* **WORK REQUEST**
Write the data out again exactly, with no pictures.

Stored entries

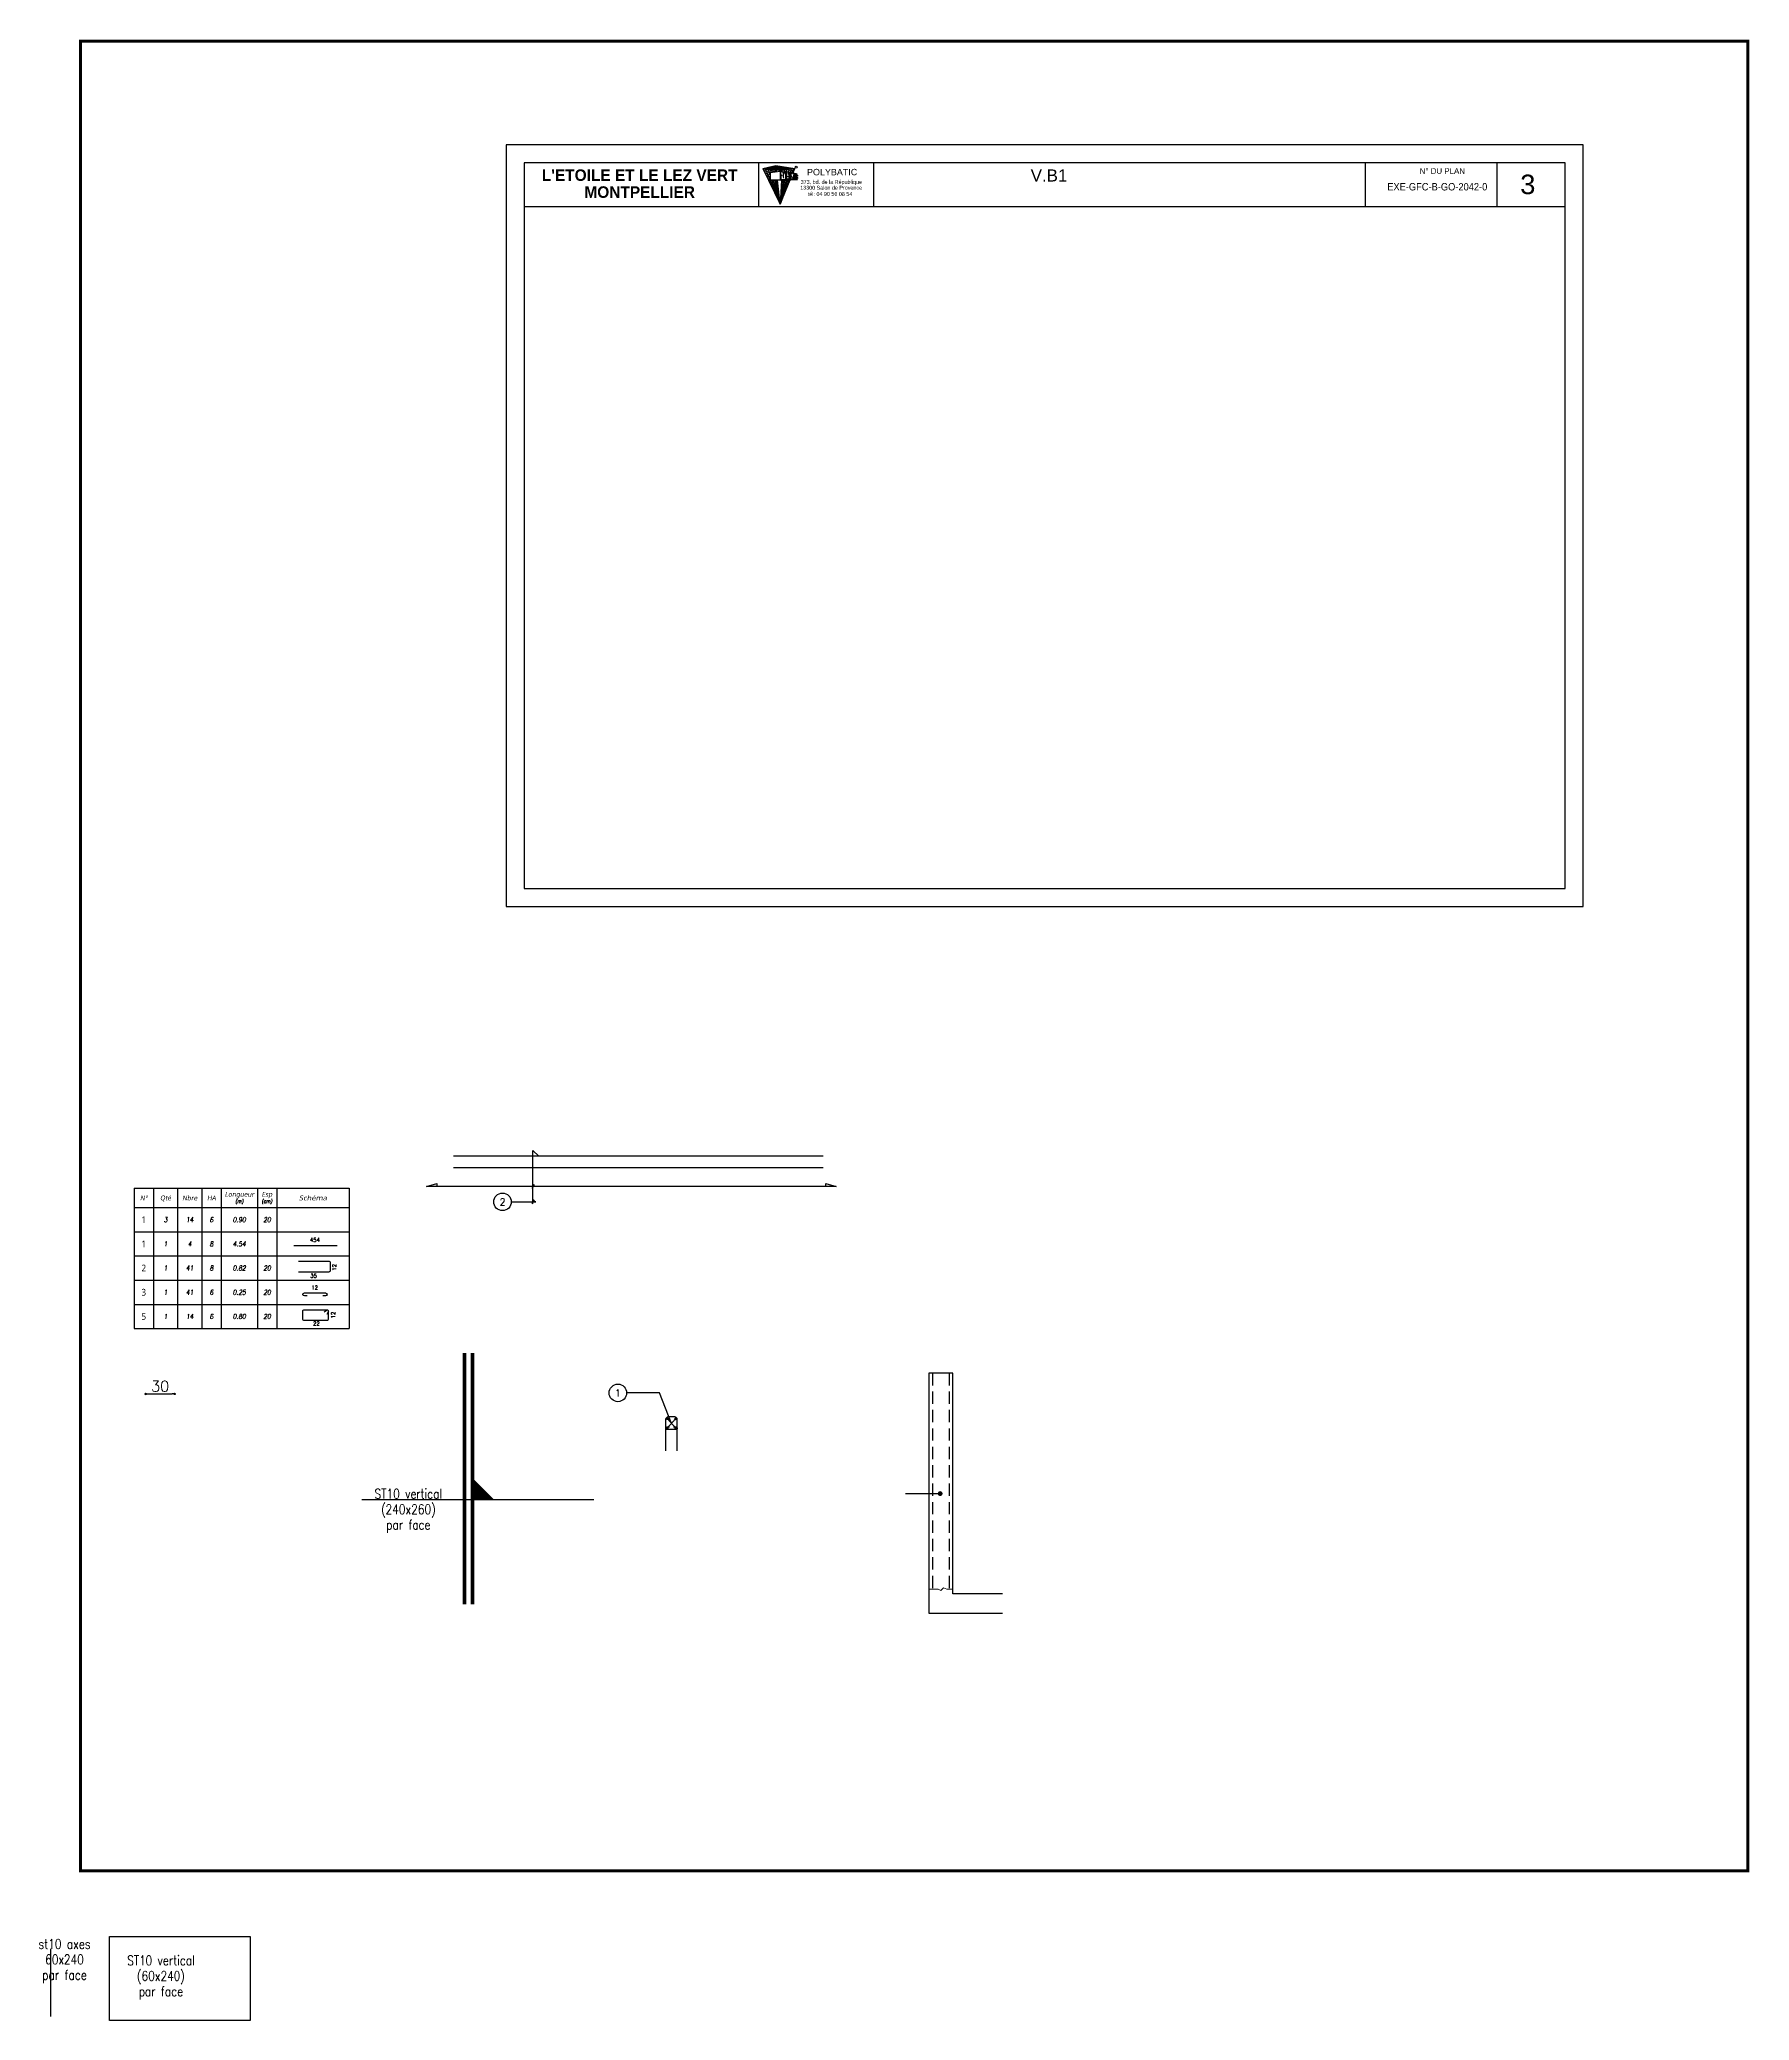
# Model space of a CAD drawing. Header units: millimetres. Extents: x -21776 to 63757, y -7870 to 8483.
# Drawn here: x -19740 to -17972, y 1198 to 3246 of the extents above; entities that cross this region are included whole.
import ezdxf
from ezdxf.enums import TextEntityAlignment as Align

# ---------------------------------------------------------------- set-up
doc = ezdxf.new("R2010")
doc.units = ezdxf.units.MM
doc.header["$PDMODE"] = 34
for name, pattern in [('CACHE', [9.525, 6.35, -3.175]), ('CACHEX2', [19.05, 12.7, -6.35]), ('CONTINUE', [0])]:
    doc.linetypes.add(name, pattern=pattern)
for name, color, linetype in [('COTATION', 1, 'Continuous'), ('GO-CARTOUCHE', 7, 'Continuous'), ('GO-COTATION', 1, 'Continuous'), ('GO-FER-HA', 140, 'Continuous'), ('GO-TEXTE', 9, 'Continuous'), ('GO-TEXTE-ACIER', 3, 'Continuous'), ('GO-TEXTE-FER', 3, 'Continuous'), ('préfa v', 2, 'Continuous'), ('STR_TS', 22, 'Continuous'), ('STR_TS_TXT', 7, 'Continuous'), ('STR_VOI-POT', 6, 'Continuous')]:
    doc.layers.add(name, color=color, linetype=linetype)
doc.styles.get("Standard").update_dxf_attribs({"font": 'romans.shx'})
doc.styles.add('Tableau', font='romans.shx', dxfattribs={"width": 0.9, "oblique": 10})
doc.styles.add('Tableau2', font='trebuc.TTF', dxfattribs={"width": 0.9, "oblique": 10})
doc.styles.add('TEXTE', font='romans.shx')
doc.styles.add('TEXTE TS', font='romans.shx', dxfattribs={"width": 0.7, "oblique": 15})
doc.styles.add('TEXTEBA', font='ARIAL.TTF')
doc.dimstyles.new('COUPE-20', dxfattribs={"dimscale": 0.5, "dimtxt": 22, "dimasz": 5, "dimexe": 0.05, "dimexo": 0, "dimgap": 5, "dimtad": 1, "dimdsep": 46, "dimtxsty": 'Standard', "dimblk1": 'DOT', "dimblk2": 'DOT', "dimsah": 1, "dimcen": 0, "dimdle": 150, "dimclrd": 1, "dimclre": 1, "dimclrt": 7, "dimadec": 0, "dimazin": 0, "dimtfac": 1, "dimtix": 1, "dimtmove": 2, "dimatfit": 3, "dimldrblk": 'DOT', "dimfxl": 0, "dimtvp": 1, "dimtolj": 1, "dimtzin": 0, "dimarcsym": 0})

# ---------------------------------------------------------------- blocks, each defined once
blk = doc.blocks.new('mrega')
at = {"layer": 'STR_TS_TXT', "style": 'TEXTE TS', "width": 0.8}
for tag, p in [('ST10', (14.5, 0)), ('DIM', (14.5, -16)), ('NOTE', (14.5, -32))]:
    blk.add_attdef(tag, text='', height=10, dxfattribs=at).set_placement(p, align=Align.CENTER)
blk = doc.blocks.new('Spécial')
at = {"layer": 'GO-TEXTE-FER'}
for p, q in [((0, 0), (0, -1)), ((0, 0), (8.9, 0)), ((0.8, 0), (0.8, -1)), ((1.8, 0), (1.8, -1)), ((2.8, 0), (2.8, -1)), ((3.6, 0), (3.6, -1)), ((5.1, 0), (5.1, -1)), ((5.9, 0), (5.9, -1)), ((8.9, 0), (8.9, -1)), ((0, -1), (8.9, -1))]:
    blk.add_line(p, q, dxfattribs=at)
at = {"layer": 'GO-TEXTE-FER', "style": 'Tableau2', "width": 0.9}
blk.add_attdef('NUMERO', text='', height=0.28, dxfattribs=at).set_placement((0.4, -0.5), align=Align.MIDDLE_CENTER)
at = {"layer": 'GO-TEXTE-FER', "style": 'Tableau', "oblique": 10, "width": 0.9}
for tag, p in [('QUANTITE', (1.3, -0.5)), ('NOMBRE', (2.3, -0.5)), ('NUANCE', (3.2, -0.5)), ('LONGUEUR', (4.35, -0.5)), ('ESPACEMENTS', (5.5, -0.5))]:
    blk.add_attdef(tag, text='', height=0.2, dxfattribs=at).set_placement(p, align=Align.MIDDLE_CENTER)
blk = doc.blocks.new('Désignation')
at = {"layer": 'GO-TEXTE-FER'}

* **PROBLEM SOLUTION**
# Model space of a CAD drawing. Header units: millimetres. Extents: x -21776 to 63757, y -7870 to 8483.
# Drawn here: x -19740 to -17972, y 1198 to 3246 of the extents above; entities that cross this region are included whole.
import ezdxf
from ezdxf.enums import TextEntityAlignment as Align

# ---------------------------------------------------------------- set-up
doc = ezdxf.new("R2010")
doc.units = ezdxf.units.MM
doc.header["$PDMODE"] = 34
for name, pattern in [('CACHE', [9.525, 6.35, -3.175]), ('CACHEX2', [19.05, 12.7, -6.35]), ('CONTINUE', [0])]:
    doc.linetypes.add(name, pattern=pattern)
for name, color, linetype in [('COTATION', 1, 'Continuous'), ('GO-CARTOUCHE', 7, 'Continuous'), ('GO-COTATION', 1, 'Continuous'), ('GO-FER-HA', 140, 'Continuous'), ('GO-TEXTE', 9, 'Continuous'), ('GO-TEXTE-ACIER', 3, 'Continuous'), ('GO-TEXTE-FER', 3, 'Continuous'), ('préfa v', 2, 'Continuous'), ('STR_TS', 22, 'Continuous'), ('STR_TS_TXT', 7, 'Continuous'), ('STR_VOI-POT', 6, 'Continuous')]:
    doc.layers.add(name, color=color, linetype=linetype)
doc.styles.get("Standard").update_dxf_attribs({"font": 'romans.shx'})
doc.styles.add('Tableau', font='romans.shx', dxfattribs={"width": 0.9, "oblique": 10})
doc.styles.add('Tableau2', font='trebuc.TTF', dxfattribs={"width": 0.9, "oblique": 10})
doc.styles.add('TEXTE', font='romans.shx')
doc.styles.add('TEXTE TS', font='romans.shx', dxfattribs={"width": 0.7, "oblique": 15})
doc.styles.add('TEXTEBA', font='ARIAL.TTF')
doc.dimstyles.new('COUPE-20', dxfattribs={"dimscale": 0.5, "dimtxt": 22, "dimasz": 5, "dimexe": 0.05, "dimexo": 0, "dimgap": 5, "dimtad": 1, "dimdsep": 46, "dimtxsty": 'Standard', "dimblk1": 'DOT', "dimblk2": 'DOT', "dimsah": 1, "dimcen": 0, "dimdle": 150, "dimclrd": 1, "dimclre": 1, "dimclrt": 7, "dimadec": 0, "dimazin": 0, "dimtfac": 1, "dimtix": 1, "dimtmove": 2, "dimatfit": 3, "dimldrblk": 'DOT', "dimfxl": 0, "dimtvp": 1, "dimtolj": 1, "dimtzin": 0, "dimarcsym": 0})

# ---------------------------------------------------------------- blocks, each defined once
blk = doc.blocks.new('mrega')
at = {"layer": 'STR_TS_TXT', "style": 'TEXTE TS', "width": 0.8}
for tag, p in [('ST10', (14.5, 0)), ('DIM', (14.5, -16)), ('NOTE', (14.5, -32))]:
    blk.add_attdef(tag, text='', height=10, dxfattribs=at).set_placement(p, align=Align.CENTER)
blk = doc.blocks.new('Spécial')
at = {"layer": 'GO-TEXTE-FER'}
for p, q in [((0, 0), (0, -1)), ((0, 0), (8.9, 0)), ((0.8, 0), (0.8, -1)), ((1.8, 0), (1.8, -1)), ((2.8, 0), (2.8, -1)), ((3.6, 0), (3.6, -1)), ((5.1, 0), (5.1, -1)), ((5.9, 0), (5.9, -1)), ((8.9, 0), (8.9, -1)), ((0, -1), (8.9, -1))]:
    blk.add_line(p, q, dxfattribs=at)
at = {"layer": 'GO-TEXTE-FER', "style": 'Tableau2', "width": 0.9}
blk.add_attdef('NUMERO', text='', height=0.28, dxfattribs=at).set_placement((0.4, -0.5), align=Align.MIDDLE_CENTER)
at = {"layer": 'GO-TEXTE-FER', "style": 'Tableau', "oblique": 10, "width": 0.9}
for tag, p in [('QUANTITE', (1.3, -0.5)), ('NOMBRE', (2.3, -0.5)), ('NUANCE', (3.2, -0.5)), ('LONGUEUR', (4.35, -0.5)), ('ESPACEMENTS', (5.5, -0.5))]:
    blk.add_attdef(tag, text='', height=0.2, dxfattribs=at).set_placement(p, align=Align.MIDDLE_CENTER)
blk = doc.blocks.new('Désignation')
at = {"layer": 'GO-TEXTE-FER'}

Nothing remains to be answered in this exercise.